Physical characteristics
- • location: Lillooet River

= Meager Creek =

Creek and thermal springs in British Columbia, Canada

Meager Creek is a creek in the southern Pacific Ranges of the Coast Mountains in British Columbia, Canada. It flows northeast into the Lillooet River approximately 95 km northwest of the village of Pemberton and is adjacent to the Upper Lillooet Provincial Park.

It is noted for a large set of surface hot springs, known as the Meager Creek Hot Springs. These are related to volcanism of the Mount Meager massif on its north side. Keyhole Hot Springs, also known as Pebble Creek Hot Springs, fed from the same geothermal vents is much more accessible, via the ploughed Upper Lillooet FSR (Forest Service Road), and is a 1.5 km trail as opposed to 9.5 km to Meager Creek Hot Springs. Check the Forest Service Road Reports before travel.

Public access reopened in the summer of 2008, several years after vandalism of the site and flooding damage to the access road and bridge had seen the site closed. On September 19, 2009, the Capricorn Creek Bridge was once again destroyed by a debris slide.
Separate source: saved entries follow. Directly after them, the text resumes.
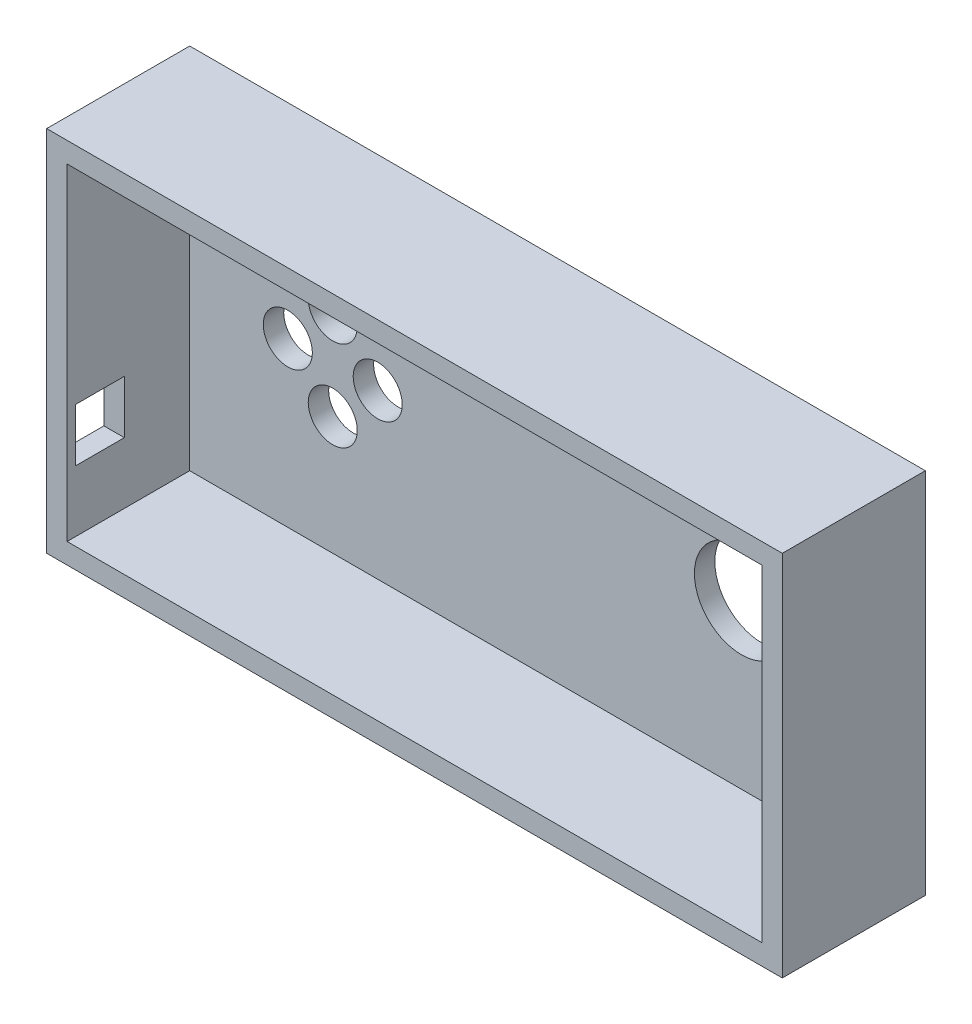
ISO-10303-21;
HEADER;
FILE_DESCRIPTION(('STEP AP214'),'2;1');
FILE_NAME('part.step','',(''),(''),'','','');
FILE_SCHEMA(('AUTOMOTIVE_DESIGN { 1 0 10303 214 1 1 1 1 }'));
ENDSEC;
DATA;
#1=APPLICATION_CONTEXT('core data for automotive mechanical design processes');
#2=APPLICATION_PROTOCOL_DEFINITION('international standard','automotive_design',2000,#1);
#3=PRODUCT_CONTEXT('',#1,'mechanical');
#4=PRODUCT('Part','Part','',(#3));
#5=PRODUCT_RELATED_PRODUCT_CATEGORY('part','',(#4));
#6=PRODUCT_DEFINITION_FORMATION('','',#4);
#7=PRODUCT_DEFINITION_CONTEXT('part definition',#1,'design');
#8=PRODUCT_DEFINITION('design','',#6,#7);
#9=PRODUCT_DEFINITION_SHAPE('','',#8);
#10=(LENGTH_UNIT() NAMED_UNIT(*) SI_UNIT(.MILLI.,.METRE.));
#11=(NAMED_UNIT(*) PLANE_ANGLE_UNIT() SI_UNIT($,.RADIAN.));
#12=(NAMED_UNIT(*) SI_UNIT($,.STERADIAN.) SOLID_ANGLE_UNIT());
#13=UNCERTAINTY_MEASURE_WITH_UNIT(LENGTH_MEASURE(1.E-05),#10,'distance_accuracy_value','');
#14=(GEOMETRIC_REPRESENTATION_CONTEXT(3) GLOBAL_UNCERTAINTY_ASSIGNED_CONTEXT((#13)) GLOBAL_UNIT_ASSIGNED_CONTEXT((#10,
#11,#12)) REPRESENTATION_CONTEXT('',''));
#15=CARTESIAN_POINT('',(0.,0.,0.));
#16=DIRECTION('',(0.,0.,1.));
#17=DIRECTION('',(1.,0.,0.));
#18=AXIS2_PLACEMENT_3D('',#15,#16,#17);
#19=CARTESIAN_POINT('',(0.,0.,5.));
#20=DIRECTION('',(1.,0.,0.));
#21=DIRECTION('',(0.,0.,-1.));
#22=AXIS2_PLACEMENT_3D('',#19,#20,#21);
#23=PLANE('',#22);
#24=DIRECTION('',(0.,1.,0.));
#25=VECTOR('',#24,1.);
#26=CARTESIAN_POINT('',(0.,20.,33.));
#27=LINE('',#26,#25);
#28=CARTESIAN_POINT('',(0.,20.,33.));
#29=VERTEX_POINT('',#28);
#30=CARTESIAN_POINT('',(0.,33.,33.));
#31=VERTEX_POINT('',#30);
#32=EDGE_CURVE('E162',#29,#31,#27,.T.);
#33=ORIENTED_EDGE('',*,*,#32,.F.);
#34=DIRECTION('',(0.,0.,1.));
#35=VECTOR('',#34,1.);
#36=CARTESIAN_POINT('',(0.,20.,21.));
#37=LINE('',#36,#35);
#38=CARTESIAN_POINT('',(0.,20.,21.));
#39=VERTEX_POINT('',#38);
#40=EDGE_CURVE('E152',#39,#29,#37,.T.);
#41=ORIENTED_EDGE('',*,*,#40,.F.);
#42=DIRECTION('',(0.,-1.,0.));
#43=VECTOR('',#42,1.);
#44=CARTESIAN_POINT('',(0.,20.,21.));
#45=LINE('',#44,#43);
#46=CARTESIAN_POINT('',(0.,33.,21.));
#47=VERTEX_POINT('',#46);
#48=EDGE_CURVE('E166',#47,#39,#45,.T.);
#49=ORIENTED_EDGE('',*,*,#48,.F.);
#50=DIRECTION('',(0.,0.,-1.));
#51=VECTOR('',#50,1.);
#52=CARTESIAN_POINT('',(0.,33.,21.));
#53=LINE('',#52,#51);
#54=EDGE_CURVE('E60',#31,#47,#53,.T.);
#55=ORIENTED_EDGE('',*,*,#54,.F.);
#56=EDGE_LOOP('',(#33,#41,#49,#55));
#57=FACE_BOUND('',#56,.T.);
#58=DIRECTION('',(0.,-1.,0.));
#59=VECTOR('',#58,1.);
#60=CARTESIAN_POINT('',(0.,0.,0.));
#61=LINE('',#60,#59);
#62=CARTESIAN_POINT('',(0.,90.,0.));
#63=VERTEX_POINT('',#62);
#64=CARTESIAN_POINT('',(0.,0.,0.));
#65=VERTEX_POINT('',#64);
#66=EDGE_CURVE('E281',#63,#65,#61,.T.);
#67=ORIENTED_EDGE('',*,*,#66,.T.);
#68=DIRECTION('',(0.,0.,-1.));
#69=VECTOR('',#68,1.);
#70=CARTESIAN_POINT('',(0.,0.,5.));
#71=LINE('',#70,#69);
#72=CARTESIAN_POINT('',(0.,0.,35.));
#73=VERTEX_POINT('',#72);
#74=EDGE_CURVE('E11',#73,#65,#71,.T.);
#75=ORIENTED_EDGE('',*,*,#74,.F.);
#76=DIRECTION('',(0.,-1.,0.));
#77=VECTOR('',#76,1.);
#78=CARTESIAN_POINT('',(0.,0.,35.));
#79=LINE('',#78,#77);
#80=CARTESIAN_POINT('',(0.,90.,35.));
#81=VERTEX_POINT('',#80);
#82=EDGE_CURVE('E242',#81,#73,#79,.T.);
#83=ORIENTED_EDGE('',*,*,#82,.F.);
#84=DIRECTION('',(0.,0.,-1.));
#85=VECTOR('',#84,1.);
#86=CARTESIAN_POINT('',(0.,90.,5.));
#87=LINE('',#86,#85);
#88=EDGE_CURVE('E294',#81,#63,#87,.T.);
#89=ORIENTED_EDGE('',*,*,#88,.T.);
#90=EDGE_LOOP('',(#67,#75,#83,#89));
#91=FACE_BOUND('',#90,.T.);
#92=ADVANCED_FACE('F45',(#57,#91),#23,.F.);
#93=CARTESIAN_POINT('',(0.,0.,5.));
#94=DIRECTION('',(0.,1.,0.));
#95=DIRECTION('',(0.,0.,1.));
#96=AXIS2_PLACEMENT_3D('',#93,#94,#95);
#97=PLANE('',#96);
#98=DIRECTION('',(1.,0.,0.));
#99=VECTOR('',#98,1.);
#100=CARTESIAN_POINT('',(0.,0.,0.));
#101=LINE('',#100,#99);
#102=CARTESIAN_POINT('',(180.,0.,0.));
#103=VERTEX_POINT('',#102);
#104=EDGE_CURVE('E285',#65,#103,#101,.T.);
#105=ORIENTED_EDGE('',*,*,#104,.T.);
#106=DIRECTION('',(0.,0.,-1.));
#107=VECTOR('',#106,1.);
#108=CARTESIAN_POINT('',(180.,0.,5.));
#109=LINE('',#108,#107);
#110=CARTESIAN_POINT('',(180.,0.,35.));
#111=VERTEX_POINT('',#110);
#112=EDGE_CURVE('E53',#111,#103,#109,.T.);
#113=ORIENTED_EDGE('',*,*,#112,.F.);
#114=DIRECTION('',(1.,0.,0.));
#115=VECTOR('',#114,1.);
#116=CARTESIAN_POINT('',(0.,0.,35.));
#117=LINE('',#116,#115);
#118=EDGE_CURVE('E246',#73,#111,#117,.T.);
#119=ORIENTED_EDGE('',*,*,#118,.F.);
#120=ORIENTED_EDGE('',*,*,#74,.T.);
#121=EDGE_LOOP('',(#105,#113,#119,#120));
#122=FACE_BOUND('',#121,.T.);
#123=ADVANCED_FACE('F320',(#122),#97,.F.);
#124=CARTESIAN_POINT('',(180.,0.,5.));
#125=DIRECTION('',(-1.,0.,0.));
#126=DIRECTION('',(0.,0.,1.));
#127=AXIS2_PLACEMENT_3D('',#124,#125,#126);
#128=PLANE('',#127);
#129=DIRECTION('',(0.,1.,0.));
#130=VECTOR('',#129,1.);
#131=CARTESIAN_POINT('',(180.,0.,0.));
#132=LINE('',#131,#130);
#133=CARTESIAN_POINT('',(180.,90.,0.));
#134=VERTEX_POINT('',#133);
#135=EDGE_CURVE('E288',#103,#134,#132,.T.);
#136=ORIENTED_EDGE('',*,*,#135,.T.);
#137=DIRECTION('',(0.,0.,-1.));
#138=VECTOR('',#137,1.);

The springs were closed to public access, except in winter, when they could be accessed over the top of the Pemberton Icefield / Meager Glacier by means of either snowmobile or cross country skis. Until 2010, the site was serviced by Creekside Resources on a fee basis to use the pools. Though the pools are still officially closed, public access to the area has resumed. Because of limited access, there have been no fecal coliform tests done. Prior to the slide, they were done on a monthly basis, except winter and the sand traps were cleared every 2 to 3 days. The pools must be shoveled out and flushed before use – 45 minutes is the common practice.

A new public trail, named VOC Harrison Hut Trail, opened in the summer of 2014. It was built and completed, in August 2014, by volunteers from the University of British Columbia Varsity Outdoor Club (VOC).

In December 2015, the area was offered up for tenure by the BC Ministry of Forests; they were looking for a proposal to formally develop the existing ad hoc trail from the 6 km mark along the VOC Harrison Hut Trail, where it passes through a clear cut and connects to the old Meager Creek Hot Springs Trail, built on an existing decommissioned logging road.

As the pools are officially closed, there is currently no fee. A fee structure will be reinstated if tenure is granted. First right of refusal goes to the historical operator: the Lil'wat First Nation's Creekside Resources. If they defer, the tenure applicant has proposed to maintain the pools. The historical fee prior to the 2010 slide was $5.

Though people camp for free in unofficial sites in the Upper Meager Valley, it is not allowed around the hot spring pools as the Meager Creek Hot Springs Recreational Area is a Minimum Impact Site. Also, camping in the Valley bottom is prohibited because of significant seismic danger.

Wildlife such as wolves, wolverine, moose, raptors, hybrid black-tailed deer/mule deer, hybrid lynx/bob cat, mountain goats, mountain sheep, and waterfowl inhabit the area as well as grizzly and black bears.

The area is about a two-hour drive from Pemberton on paved roads, gravel roads, and dirt tracks. Although normally reached by four-wheel drive vehicles and larger pickup trucks, the last 25 km can be covered by snowmobile in winter.

Avalanche hazards relating to the combined volcanic and glacial character of the surrounding geography are real and ongoing. The valley of Meager Creek is one of the most active and hazardous in the North American Cordillera. Debris flows, mainly from the Mount Meager massif, have filled the valley to a depth of 250 m.